▶ _WORK ITEM_: Beneath this task is a listing. State how many of its lines include the string "Area", giving nothing but the number.

____

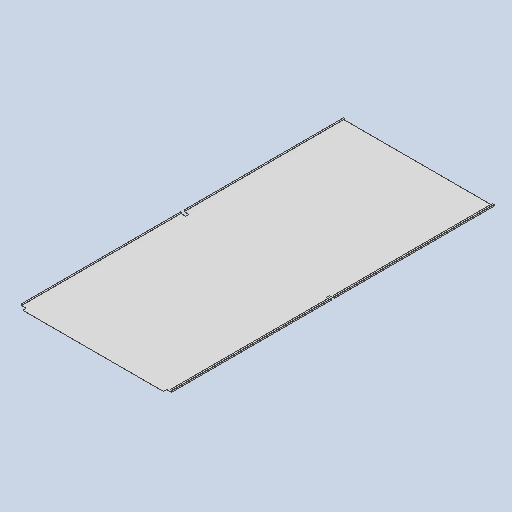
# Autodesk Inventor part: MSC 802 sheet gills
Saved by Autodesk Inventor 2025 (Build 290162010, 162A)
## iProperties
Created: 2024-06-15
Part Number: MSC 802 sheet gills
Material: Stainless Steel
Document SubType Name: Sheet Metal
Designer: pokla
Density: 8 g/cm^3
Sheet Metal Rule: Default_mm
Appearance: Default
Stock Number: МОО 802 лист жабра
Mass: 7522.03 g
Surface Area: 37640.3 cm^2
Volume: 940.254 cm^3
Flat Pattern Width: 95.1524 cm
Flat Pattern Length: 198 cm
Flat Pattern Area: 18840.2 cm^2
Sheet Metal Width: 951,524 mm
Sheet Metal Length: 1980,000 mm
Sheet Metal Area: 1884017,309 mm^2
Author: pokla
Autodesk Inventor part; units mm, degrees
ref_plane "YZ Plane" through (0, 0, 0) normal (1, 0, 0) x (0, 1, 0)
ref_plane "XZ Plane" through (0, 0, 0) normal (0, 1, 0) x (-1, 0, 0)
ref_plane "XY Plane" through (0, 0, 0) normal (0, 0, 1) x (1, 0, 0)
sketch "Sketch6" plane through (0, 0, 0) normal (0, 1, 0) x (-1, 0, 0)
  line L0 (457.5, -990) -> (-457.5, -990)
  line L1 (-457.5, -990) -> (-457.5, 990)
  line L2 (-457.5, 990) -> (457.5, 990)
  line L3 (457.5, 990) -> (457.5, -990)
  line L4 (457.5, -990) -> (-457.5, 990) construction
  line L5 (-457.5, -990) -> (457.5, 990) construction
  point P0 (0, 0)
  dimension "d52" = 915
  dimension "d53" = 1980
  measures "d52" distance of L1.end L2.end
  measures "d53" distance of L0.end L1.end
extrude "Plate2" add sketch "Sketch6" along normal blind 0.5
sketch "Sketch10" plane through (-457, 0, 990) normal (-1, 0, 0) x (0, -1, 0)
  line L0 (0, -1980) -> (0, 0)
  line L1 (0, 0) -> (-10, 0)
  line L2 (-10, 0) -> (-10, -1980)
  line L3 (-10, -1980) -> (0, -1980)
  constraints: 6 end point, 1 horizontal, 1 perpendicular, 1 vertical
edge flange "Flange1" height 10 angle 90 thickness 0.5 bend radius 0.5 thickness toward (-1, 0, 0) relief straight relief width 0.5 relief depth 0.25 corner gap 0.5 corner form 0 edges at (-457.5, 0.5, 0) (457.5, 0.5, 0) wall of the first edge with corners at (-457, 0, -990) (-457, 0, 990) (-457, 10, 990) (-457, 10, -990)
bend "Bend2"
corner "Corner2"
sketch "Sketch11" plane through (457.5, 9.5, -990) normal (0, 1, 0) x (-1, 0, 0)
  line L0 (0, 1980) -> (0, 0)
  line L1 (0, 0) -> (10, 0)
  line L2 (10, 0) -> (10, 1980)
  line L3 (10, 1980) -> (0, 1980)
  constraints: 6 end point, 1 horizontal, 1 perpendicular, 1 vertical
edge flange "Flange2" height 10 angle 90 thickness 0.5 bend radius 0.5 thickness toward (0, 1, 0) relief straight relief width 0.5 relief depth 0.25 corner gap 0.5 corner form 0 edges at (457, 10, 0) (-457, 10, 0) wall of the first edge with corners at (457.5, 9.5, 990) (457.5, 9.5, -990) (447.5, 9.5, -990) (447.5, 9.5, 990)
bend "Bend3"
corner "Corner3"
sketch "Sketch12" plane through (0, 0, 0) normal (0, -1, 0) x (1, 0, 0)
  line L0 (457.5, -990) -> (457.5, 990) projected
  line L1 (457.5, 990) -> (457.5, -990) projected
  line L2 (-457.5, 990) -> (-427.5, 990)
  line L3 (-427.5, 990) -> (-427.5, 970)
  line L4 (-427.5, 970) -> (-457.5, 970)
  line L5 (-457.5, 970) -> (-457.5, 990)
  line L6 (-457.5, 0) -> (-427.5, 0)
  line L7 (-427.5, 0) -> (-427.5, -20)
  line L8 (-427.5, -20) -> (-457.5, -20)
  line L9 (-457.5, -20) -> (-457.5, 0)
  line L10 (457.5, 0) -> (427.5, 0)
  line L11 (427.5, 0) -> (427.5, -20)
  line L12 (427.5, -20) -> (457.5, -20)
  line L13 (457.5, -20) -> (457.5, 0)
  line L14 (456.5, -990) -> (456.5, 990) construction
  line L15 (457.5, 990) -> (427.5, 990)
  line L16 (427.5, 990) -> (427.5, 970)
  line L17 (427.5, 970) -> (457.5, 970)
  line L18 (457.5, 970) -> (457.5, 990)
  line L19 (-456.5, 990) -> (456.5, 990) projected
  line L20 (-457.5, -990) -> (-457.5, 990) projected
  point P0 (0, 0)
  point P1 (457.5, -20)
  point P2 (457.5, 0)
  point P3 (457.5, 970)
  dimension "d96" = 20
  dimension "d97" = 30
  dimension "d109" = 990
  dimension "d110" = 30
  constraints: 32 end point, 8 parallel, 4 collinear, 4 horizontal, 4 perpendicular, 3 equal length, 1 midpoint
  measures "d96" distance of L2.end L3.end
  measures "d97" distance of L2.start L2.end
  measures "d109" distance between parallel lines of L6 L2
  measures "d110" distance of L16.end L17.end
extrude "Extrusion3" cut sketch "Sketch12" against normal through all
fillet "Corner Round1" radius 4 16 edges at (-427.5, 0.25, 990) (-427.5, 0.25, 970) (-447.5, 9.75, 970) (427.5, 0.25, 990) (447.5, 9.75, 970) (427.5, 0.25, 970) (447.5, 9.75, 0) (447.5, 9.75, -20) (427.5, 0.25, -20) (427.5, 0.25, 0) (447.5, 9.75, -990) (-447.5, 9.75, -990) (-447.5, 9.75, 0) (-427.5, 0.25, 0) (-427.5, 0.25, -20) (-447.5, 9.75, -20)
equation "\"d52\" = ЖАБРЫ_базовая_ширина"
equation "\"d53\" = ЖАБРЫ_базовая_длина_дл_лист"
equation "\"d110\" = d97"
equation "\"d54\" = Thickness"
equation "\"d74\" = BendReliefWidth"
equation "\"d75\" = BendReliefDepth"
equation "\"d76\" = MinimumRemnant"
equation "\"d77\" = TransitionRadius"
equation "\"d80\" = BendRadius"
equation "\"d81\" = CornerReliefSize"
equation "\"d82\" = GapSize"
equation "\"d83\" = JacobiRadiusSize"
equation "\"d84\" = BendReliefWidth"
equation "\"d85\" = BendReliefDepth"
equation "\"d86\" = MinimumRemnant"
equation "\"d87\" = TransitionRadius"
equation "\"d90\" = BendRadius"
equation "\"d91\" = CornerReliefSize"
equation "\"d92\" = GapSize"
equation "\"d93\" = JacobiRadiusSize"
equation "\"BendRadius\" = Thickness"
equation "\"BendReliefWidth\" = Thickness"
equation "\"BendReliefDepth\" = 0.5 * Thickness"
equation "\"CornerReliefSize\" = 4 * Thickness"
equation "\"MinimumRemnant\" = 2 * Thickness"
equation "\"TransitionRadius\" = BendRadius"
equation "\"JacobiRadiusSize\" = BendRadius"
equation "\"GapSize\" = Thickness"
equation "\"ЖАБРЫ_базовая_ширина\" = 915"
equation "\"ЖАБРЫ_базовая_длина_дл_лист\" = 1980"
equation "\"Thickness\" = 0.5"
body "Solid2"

____

▶ _RESULT FOR THIS EXERCISE_: 3